3. Neglecting Agency and Context

‘What works’ EBP often fails to account for teacher and student agency – the capacity to act within and shape educational environments. It assumes that successful strategies can be imposed top-down, disregarding the role of educators in adapting methodologies to their unique classrooms (Archer, 1995).

For instance, a study may find that direct instruction is the most effective teaching method for improving math scores. However, in a real-world setting, the effectiveness of direct instruction depends on how teachers implement it, their relationship with students and the broader cultural context of learning (Pu, 2022). Critical realism emphasises that agency is shaped by structural conditions but also has the power to modify those conditions (Bhaskar, 1989).

Towards a More Realistic Educational Research Paradigm

A more effective approach to educational research and policy must move beyond the epistemic fallacy by integrating critical realism’s ontological depth. This means recognising that:

  1. Evidence Should Be Context-Sensitive: Rather than searching for universal ‘best practices,’ educational research should focus on what works for whom, in what contexts, and under what conditions (Tikly, 2015).
  2. Qualitative and Quantitative Research Should Be Complementary: While quantitative methods provide valuable insights, they should be complemented by qualitative approaches such as ethnography, case studies and critical discourse analysis (CDA) (Scott, 2010; Hammersley, 2013; Wrigley, 2016; Huang & Pu, 2024).
  3. Teachers and Students Must Be Seen as Active Agents: Policies should not merely dictate strategies based on large-scale studies but should empower educators to interpret and adapt research findings to their specific classrooms (Archer, 1998).
  4. Education Should Be Viewed as an Open System: Unlike controlled experiments in natural sciences, education is influenced by a web of interconnected factors (Pawson, 2013; Scott, 2010).

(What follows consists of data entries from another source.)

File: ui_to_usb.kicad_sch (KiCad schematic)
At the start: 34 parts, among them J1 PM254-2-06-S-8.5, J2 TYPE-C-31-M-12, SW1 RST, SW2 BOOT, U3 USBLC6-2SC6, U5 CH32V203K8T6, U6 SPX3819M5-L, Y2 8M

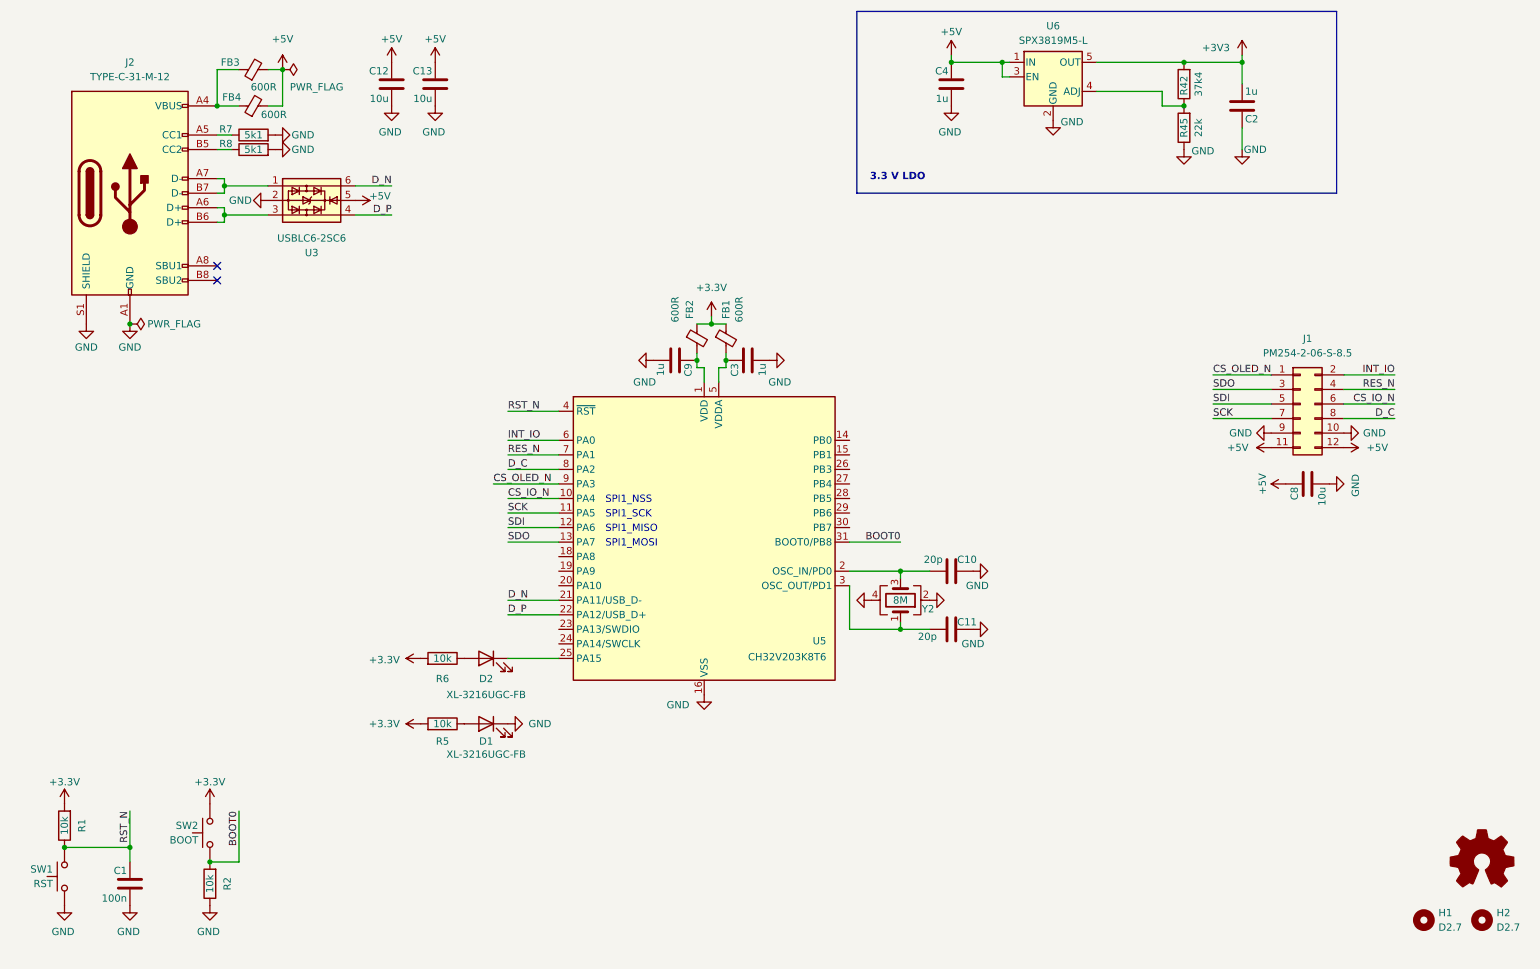
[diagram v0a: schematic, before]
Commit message: add extension port
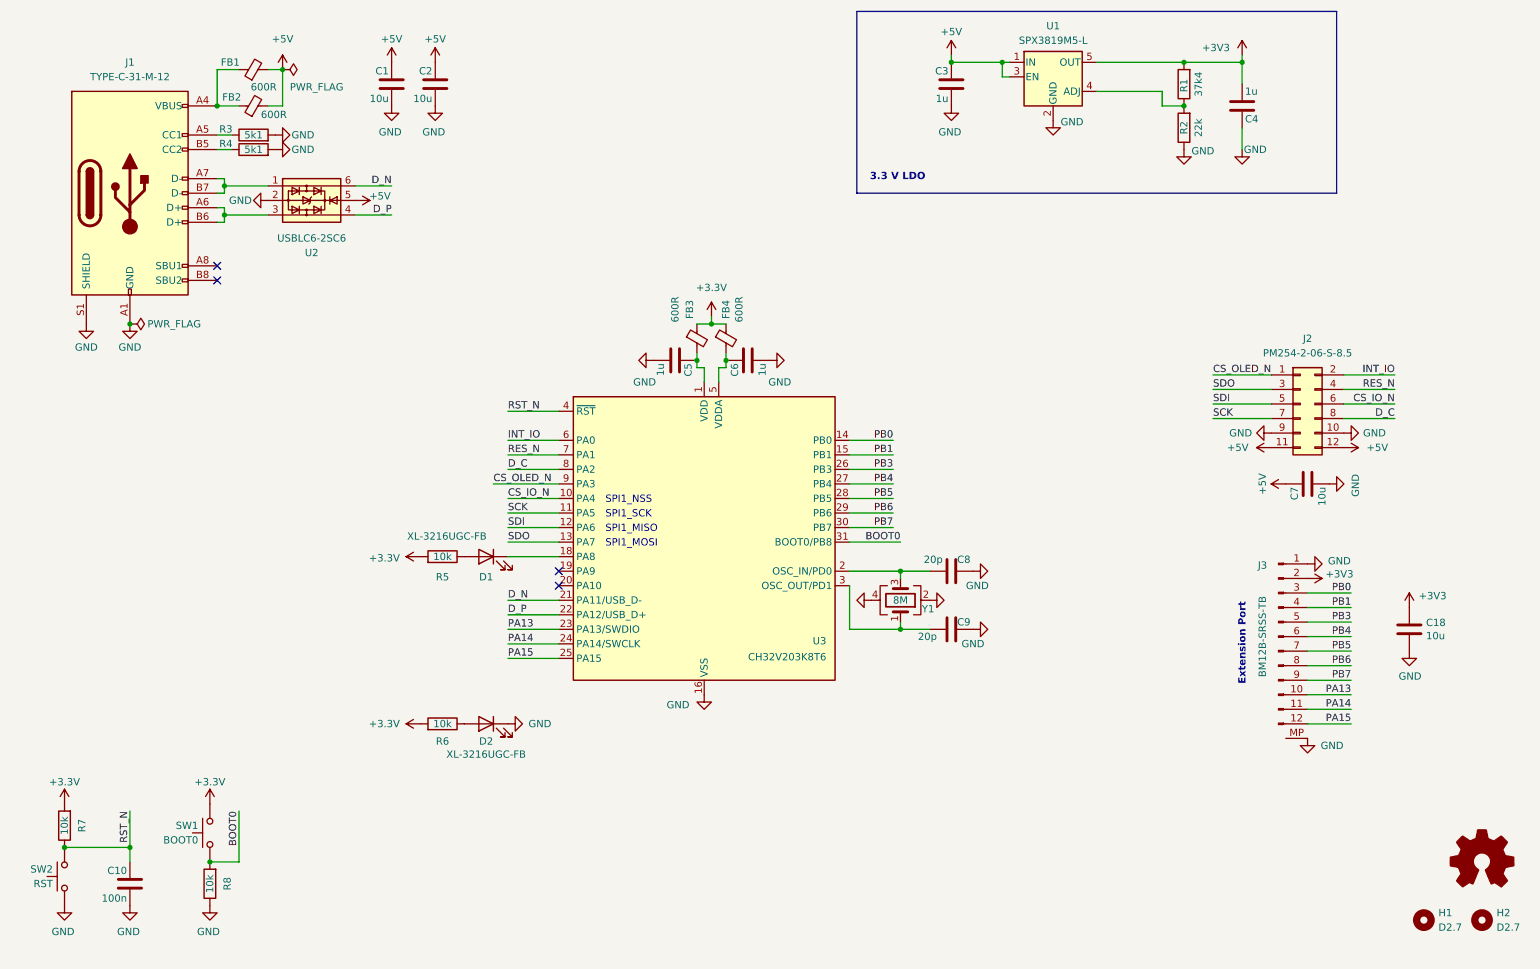
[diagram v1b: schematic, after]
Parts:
- added C18: 10u, Capacitor_SMD:C_1206_3216Metric, symbol Device:C
- added J3: BM12B-SRSS-TB, Connector_JST:JST_SH_BM12B-SRSS-TB_1x12-1MP_P1.00mm_Vertical, symbol Connector:Conn_01x12_Pin
- SW1: renamed from SW2; value BOOT -> BOOT0
- renumbered C12 to C1, C1 to C10, C13 to C2, C4 to C3, C2 to C4, C9 to C5, C3 to C6, C8 to C7, C10 to C8, C11 to C9, D2 to D1, D1 to D2, FB3 to FB1, FB4 to FB2, FB2 to FB3, FB1 to FB4, J2 to J1, J1 to J2, R42 to R1, R45 to R2, R7 to R3, R8 to R4, R6 to R5, R5 to R6, R1 to R7, R2 to R8, SW1 to SW2, U6 to U1, U3 to U2, U5 to U3, Y2 to Y1
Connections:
- net +3V3: now also C18.1, J3.2 (Pin_2)
- net GND: now also C18.2, J3.1 (Pin_1), J3.MP
- net PB0: now reaches U3.14 (PB0)
- net PB0: now also J3.3 (Pin_3)
- net PB1: now reaches U3.15 (PB1)
- net PB1: now also J3.4 (Pin_4)
- net at U3.18 (PA8): now also D1.1 (K)
- net PA13: now reaches U3.23 (PA13/SWDIO)
- net PA13: now also J3.10 (Pin_10)
- net PA14: now reaches U3.24 (PA14/SWCLK)
- net PA14: now also J3.11 (Pin_11)
- net PA15: now reaches U3.25 (PA15)
- net PA15: now also J3.12 (Pin_12); no longer D1.1 (K)
- net PB3: now reaches U3.26 (PB3)
- net PB3: now also J3.5 (Pin_5)
- net PB4: now reaches U3.27 (PB4)
- net PB4: now also J3.6 (Pin_6)
- net PB5: now reaches U3.28 (PB5)
- net PB5: now also J3.7 (Pin_7)
- net PB6: now reaches U3.29 (PB6)
- net PB6: now also J3.8 (Pin_8)
- net PB7: now reaches U3.30 (PB7)
- net PB7: now also J3.9 (Pin_9)
- no-connect marks 2 -> 4
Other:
- note added: "Extension Port"
- moved on the sheet: D1, R5

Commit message: explore placement
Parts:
- added C11: 1u, Capacitor_SMD:C_0603_1608Metric, symbol Device:C
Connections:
- net +3.3V: no longer FB3.1, FB4.1, R7.2, SW1.2
- net +3V3: now also FB3.1, FB4.1, R7.2, SW1.2
- net GND: now also C11.1
- net VDD: now also C11.2
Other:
- moved on the sheet: C5, FB3, FB4

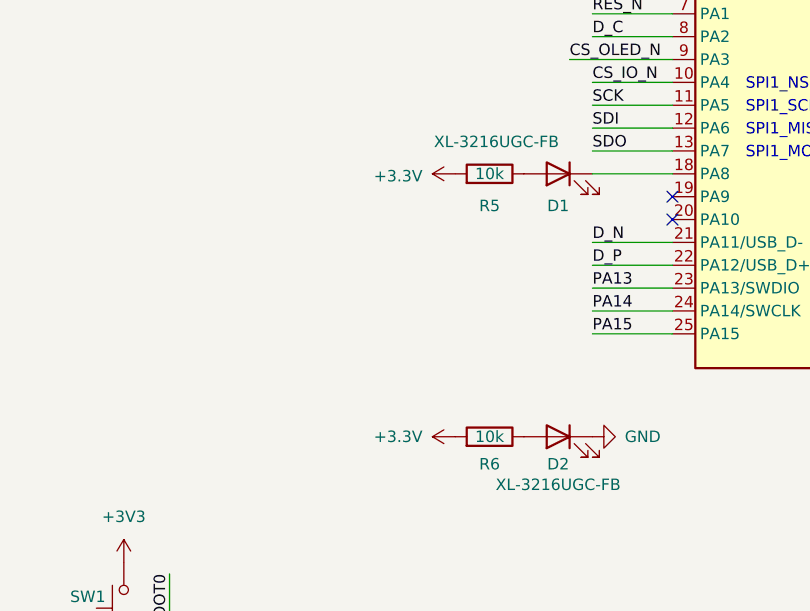
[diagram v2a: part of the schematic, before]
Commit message: switch to 4 layers, all traces routed
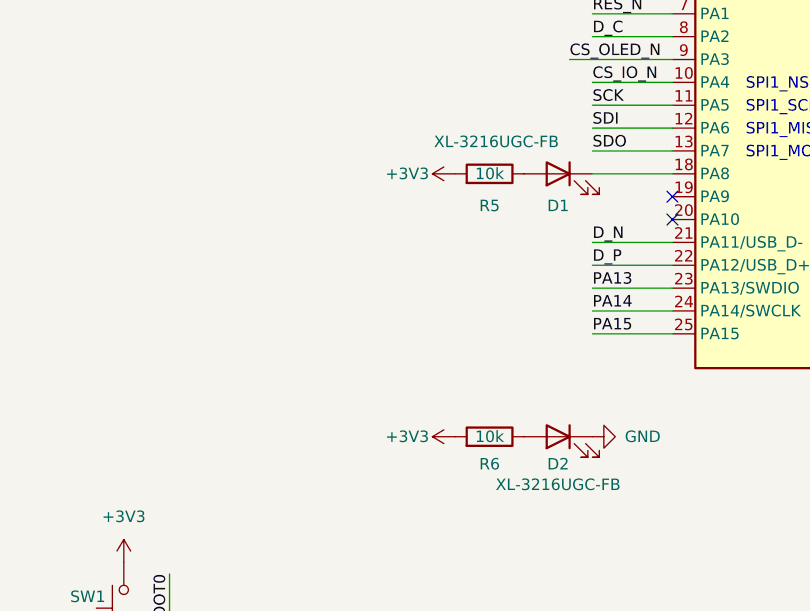
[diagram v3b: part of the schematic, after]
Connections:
- net +3.3V is gone; now on net +3V3: R5.2, R6.2
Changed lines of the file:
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@@
 	)
 	(symbol
-		(lib_id "power:+3.3V")
-		(at 91.44 120.65 90)
-		(mirror x)
-		(unit 1)
-		(exclude_from_sim no)
-		(in_bom yes)
-		(on_board yes)
-		(dnp no)
-		(property "Reference" "#PWR031"
-			(at 95.25 120.65 0)
-			(effects
-				(font
-					(size 1.27 1.27)
-				)
-				(hide yes)
-			)
-		)
-		(property "Value" "+3.3V"
-			(at 85.09 120.904 90)
-			(effects
-				(font
-					(size 1.27 1.27)
-				)
-			)
-		)
-		(property "Footprint" ""
-			(at 91.44 120.65 0)
-			(effects
-				(font
-					(size 1.27 1.27)
-				)
-				(hide yes)
-			)
-		)
-		(property "Datasheet" ""
-			(at 91.44 120.65 0)
-			(effects
-				(font
-					(size 1.27 1.27)
-				)
-				(hide yes)
-			)
-		)
-		(property "Description" "Power symbol creates a global label with name \"+3.3V\""
-			(at 91.44 120.65 0)
-			(effects
-				(font
-					(size 1.27 1.27)
-				)
-				(hide yes)
-			)
-		)
-		(pin "1"
-		)
-		(instances
-			(project "ui_to_usb"
-				(path "/61164785-2abe-4800-8948-e7ba22968736"
-					(reference "#PWR031")
-					(unit 1)
-				)
-			)
-		)
-	)
-	(symbol
 		(lib_id "power:GND")
 		(at 66.04 49.53 90)
@@
 	)
 	(symbol
+		(lib_id "power:+3V3")
+		(at 91.44 120.65 90)
+		(unit 1)
+		(exclude_from_sim no)
+		(in_bom yes)
+		(on_board yes)
+		(dnp no)
+		(property "Reference" "#PWR031"
+			(at 95.25 120.65 0)
+			(effects
+				(font
+					(size 1.27 1.27)
+				)
+				(hide yes)
+			)
+		)
+		(property "Value" "+3V3"
+			(at 86.106 120.65 90)
+			(effects
+				(font
+					(size 1.27 1.27)
+				)
+			)
+		)
+		(property "Footprint" ""
+			(at 91.44 120.65 0)
+			(effects
+				(font
+					(size 1.27 1.27)
+				)
+				(hide yes)
+			)
+		)
+		(property "Datasheet" ""
+			(at 91.44 120.65 0)
+			(effects
+				(font
+					(size 1.27 1.27)
+				)
+				(hide yes)
+			)
+		)
+		(property "Description" ""
+			(at 91.44 120.65 0)
+			(effects
+				(font
+					(size 1.27 1.27)
+				)
+			)
+		)
+		(pin "1"
+		)
+		(instances
+			(project "ui_to_usb"
+				(path "/61164785-2abe-4800-8948-e7ba22968736"
+					(reference "#PWR031")
+					(unit 1)
+				)
+			)
+		)
+	)
+	(symbol
 		(lib_id "power:GND")
 		(at 93.98 41.91 0)
@@
 	)
 	(symbol
-		(lib_id "power:+3.3V")
-		(at 91.44 149.86 90)
-		(mirror x)
-		(unit 1)
-		(exclude_from_sim no)
-		(in_bom yes)
-		(on_board yes)
-		(dnp no)
-		(property "Reference" "#PWR033"
-			(at 95.25 149.86 0)
-			(effects
-				(font
-					(size 1.27 1.27)
-				)
-				(hide yes)
-			)
-		)
-		(property "Value" "+3.3V"
-			(at 85.09 149.86 90)
-			(effects
-				(font
-					(size 1.27 1.27)
-				)
-			)
-		)
-		(property "Footprint" ""
-			(at 91.44 149.86 0)
-			(effects
-				(font
-					(size 1.27 1.27)
-				)
-				(hide yes)
-			)
-		)
-		(property "Datasheet" ""
-			(at 91.44 149.86 0)
-			(effects
-				(font
-					(size 1.27 1.27)
-				)
-				(hide yes)
-			)
-		)
-		(property "Description" "Power symbol creates a global label with name \"+3.3V\""
-			(at 91.44 149.86 0)
-			(effects
-				(font
-					(size 1.27 1.27)
-				)
-				(hide yes)
-			)
-		)
-		(pin "1"
-		)
-		(instances
-			(project "ui_to_usb"
-				(path "/61164785-2abe-4800-8948-e7ba22968736"
-					(reference "#PWR033")
-					(unit 1)
-				)
-			)
-		)
-	)
-	(symbol
 		(lib_id "power:GND")
 		(at 64.77 58.42 270)
@@
 					(unit 1)
 				)
+			)
+		)
+	)
+	(symbol
+		(lib_id "power:+3V3")
+		(at 91.44 149.86 90)
+		(unit 1)
+		(exclude_from_sim no)
+		(in_bom yes)
+		(on_board yes)
+		(dnp no)
+		(property "Reference" "#PWR033"
+			(at 95.25 149.86 0)
+			(effects
+				(font
+					(size 1.27 1.27)
+				)
+				(hide yes)
+			)
+		)
+		(property "Value" "+3V3"
+			(at 86.106 149.86 90)
+			(effects
+				(font
+					(size 1.27 1.27)
+				)
+			)
+		)
+		(property "Footprint" ""
+			(at 91.44 149.86 0)
+			(effects
+				(font
+					(size 1.27 1.27)
+				)
+				(hide yes)
+			)
+		)
+		(property "Datasheet" ""
+			(at 91.44 149.86 0)
+			(effects
+				(font
+					(size 1.27 1.27)
+				)
+				(hide yes)
+			)
+		)
+		(property "Description" ""
+			(at 91.44 149.86 0)
+			(effects
+				(font
+					(size 1.27 1.27)
+				)
+			)
+		)
+		(pin "1"
+		)
+		(instances
+			(project "ui_to_usb"
+				(path "/61164785-2abe-4800-8948-e7ba22968736"
+					(reference "#PWR033")
+					(unit 1)
+				)

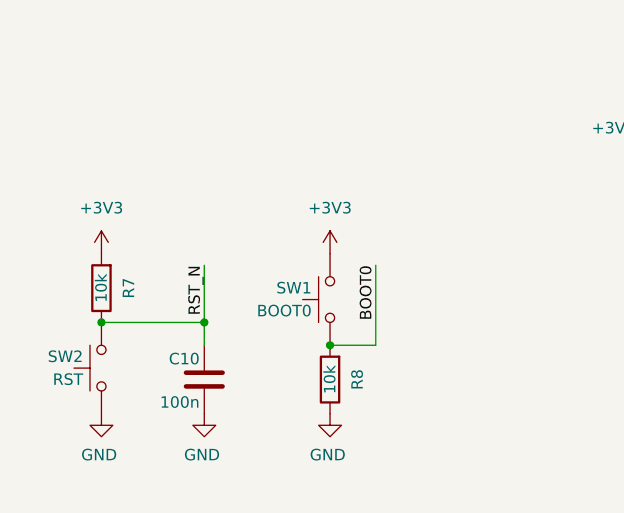
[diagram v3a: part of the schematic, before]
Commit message: add tactile button footprint
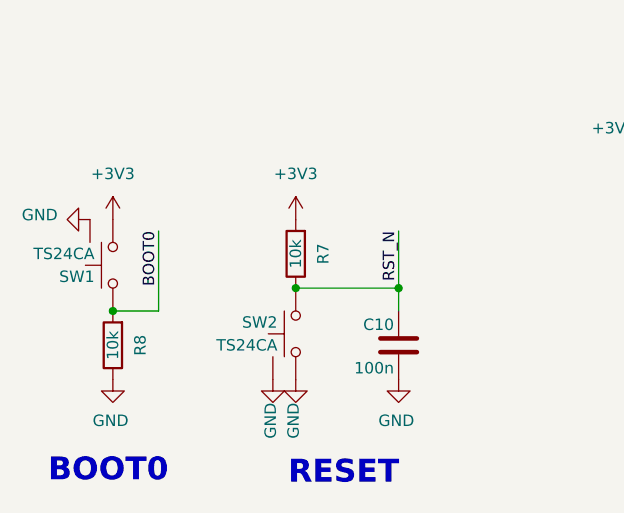
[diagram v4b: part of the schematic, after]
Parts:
- SW1: value BOOT0 -> TS24CA; footprint Button_Switch_SMD:SW_SPST_B3U-3000P-B -> footprints:TS24CA
- SW2: value RST -> TS24CA; footprint Button_Switch_SMD:SW_SPST_B3U-3000P-B -> footprints:TS24CA
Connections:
- net +3V3: now also SW1.1; no longer SW1.2
- net BOOT0: now also SW1.2; no longer SW1.1
- net GND: now also SW1.0, SW2.0
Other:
- note added: "BOOT0"
- note added: "RESET"
- moved on the sheet: C10, R7, R8

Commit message: Layout looks decent. Ready to order.
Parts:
- added TP1: U_TX, TestPoint:TestPoint_Pad_D1.0mm, symbol Connector:TestPoint_Small
- added TP2: U_RX, TestPoint:TestPoint_Pad_D1.0mm, symbol Connector:TestPoint_Small
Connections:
- net at U3.19 (PA9): now also TP1.1
- net at U3.20 (PA10): now also TP2.1
- no-connect marks 4 -> 2
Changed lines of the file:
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@@
 	(title_block
 		(title "ui_to_usb")
-		(date "2025-12-28")
-		(rev "-")
+		(date "2026-02-12")
+		(rev "1")
 		(company "Betz Engineering")
 		(comment 1 "USB adapter for ui_board_1u")
@@
 	)
 	(no_connect
-		(at 115.57 123.19)
-	)
-	(no_connect
-		(at 115.57 125.73)
-	)
-	(no_connect
 		(at 55.88 69.85)
 	)
@@
 	(wire
 		(pts
+			(xy 114.3 125.73) (xy 115.57 125.73)
+		)
+		(stroke
+			(width 0)
+			(type default)
+		)
+	)
+	(wire
+		(pts
 			(xy 106.68 135.89) (xy 115.57 135.89)
 		)
@@
 	(wire
 		(pts
+			(xy 114.3 123.19) (xy 115.57 123.19)
+		)
+		(stroke
+			(width 0)
+			(type default)
+		)
+	)
+	(wire
+		(pts
 			(xy 55.88 57.15) (xy 57.15 57.15)
 		)
@@
 	)
 	(symbol
+		(lib_id "Connector:TestPoint_Small")
+		(at 114.3 123.19 0)
+		(unit 1)
+		(exclude_from_sim no)
+		(in_bom yes)
+		(on_board yes)
+		(dnp no)
+		(property "Reference" "TP1"
+			(at 113.03 121.9199 0)
+			(effects
+				(font
+					(size 1.27 1.27)
+				)
+				(justify right)
+			)
+		)
+		(property "Value" "U_TX"
+			(at 119.888 125.476 0)
+			(effects
+				(font
+					(size 1.27 1.27)
+				)
+				(justify right)
+				(hide yes)
+			)
+		)
+		(property "Footprint" "TestPoint:TestPoint_Pad_D1.0mm"
+			(at 119.38 123.19 0)
+			(effects
+				(font
+					(size 1.27 1.27)
+				)
+				(hide yes)
+			)
+		)
+		(property "Datasheet" "~"
+			(at 119.38 123.19 0)
+			(effects
+				(font
+					(size 1.27 1.27)
+				)
+				(hide yes)
+			)
+		)
+		(property "Description" "test point"
+			(at 114.3 123.19 0)
+			(effects
+				(font
+					(size 1.27 1.27)
+				)
+				(hide yes)
+			)
+		)
+		(pin "1"
+		)
+		(instances
+			(project ""
+				(path "/61164785-2abe-4800-8948-e7ba22968736"
+					(reference "TP1")
+					(unit 1)
+				)
+			)
+		)
+	)
+	(symbol
 		(lib_id "power:GND")
 		(at 66.04 46.99 90)
@@
 					(unit 1)
 				)
+			)
+		)
+	)
+	(symbol
+		(lib_id "Connector:TestPoint_Small")
+		(at 114.3 125.73 0)
+		(unit 1)
+		(exclude_from_sim no)
+		(in_bom yes)
+		(on_board yes)
+		(dnp no)
+		(property "Reference" "TP2"
+			(at 113.03 124.4599 0)
+			(effects
+				(font
+					(size 1.27 1.27)
+				)
+				(justify right)
+			)
+		)
+		(property "Value" "U_RX"
+			(at 119.888 128.016 0)
+			(effects
+				(font
+					(size 1.27 1.27)
+				)
+				(justify right)
+				(hide yes)
+			)
+		)
+		(property "Footprint" "TestPoint:TestPoint_Pad_D1.0mm"
+			(at 119.38 125.73 0)
+			(effects
+				(font
+					(size 1.27 1.27)
+				)
+				(hide yes)
+			)
+		)
+		(property "Datasheet" "~"
+			(at 119.38 125.73 0)
+			(effects
+				(font
+					(size 1.27 1.27)
+				)
+				(hide yes)
+			)
+		)
+		(property "Description" "test point"
+			(at 114.3 125.73 0)
+			(effects
+				(font
+					(size 1.27 1.27)
+				)
+				(hide yes)
+			)
+		)
+		(pin "1"
+		)
+		(instances
+			(project "ui_to_usb"
+				(path "/61164785-2abe-4800-8948-e7ba22968736"
+					(reference "TP2")
+					(unit 1)
+				)

Conclusion: Beyond ‘What Works’ to ‘What’s Real’

The push for evidence-based practice in education is well-intentioned, aiming to improve teaching and learning through scientific research. However, when it succumbs to the epistemic fallacy, it risks oversimplifying educational reality, privileging quantifiable empirical data over deeper causal explanations, and marginalising the agency of educators and students.

To build a truly effective educational system, we need to move from asking ‘what works’ to exploring ‘what’s real’ (Bhaskar, 2008). By adopting a critical realist perspective, we can ensure that educational research and practice contribute to meaningful and transformative learning experiences.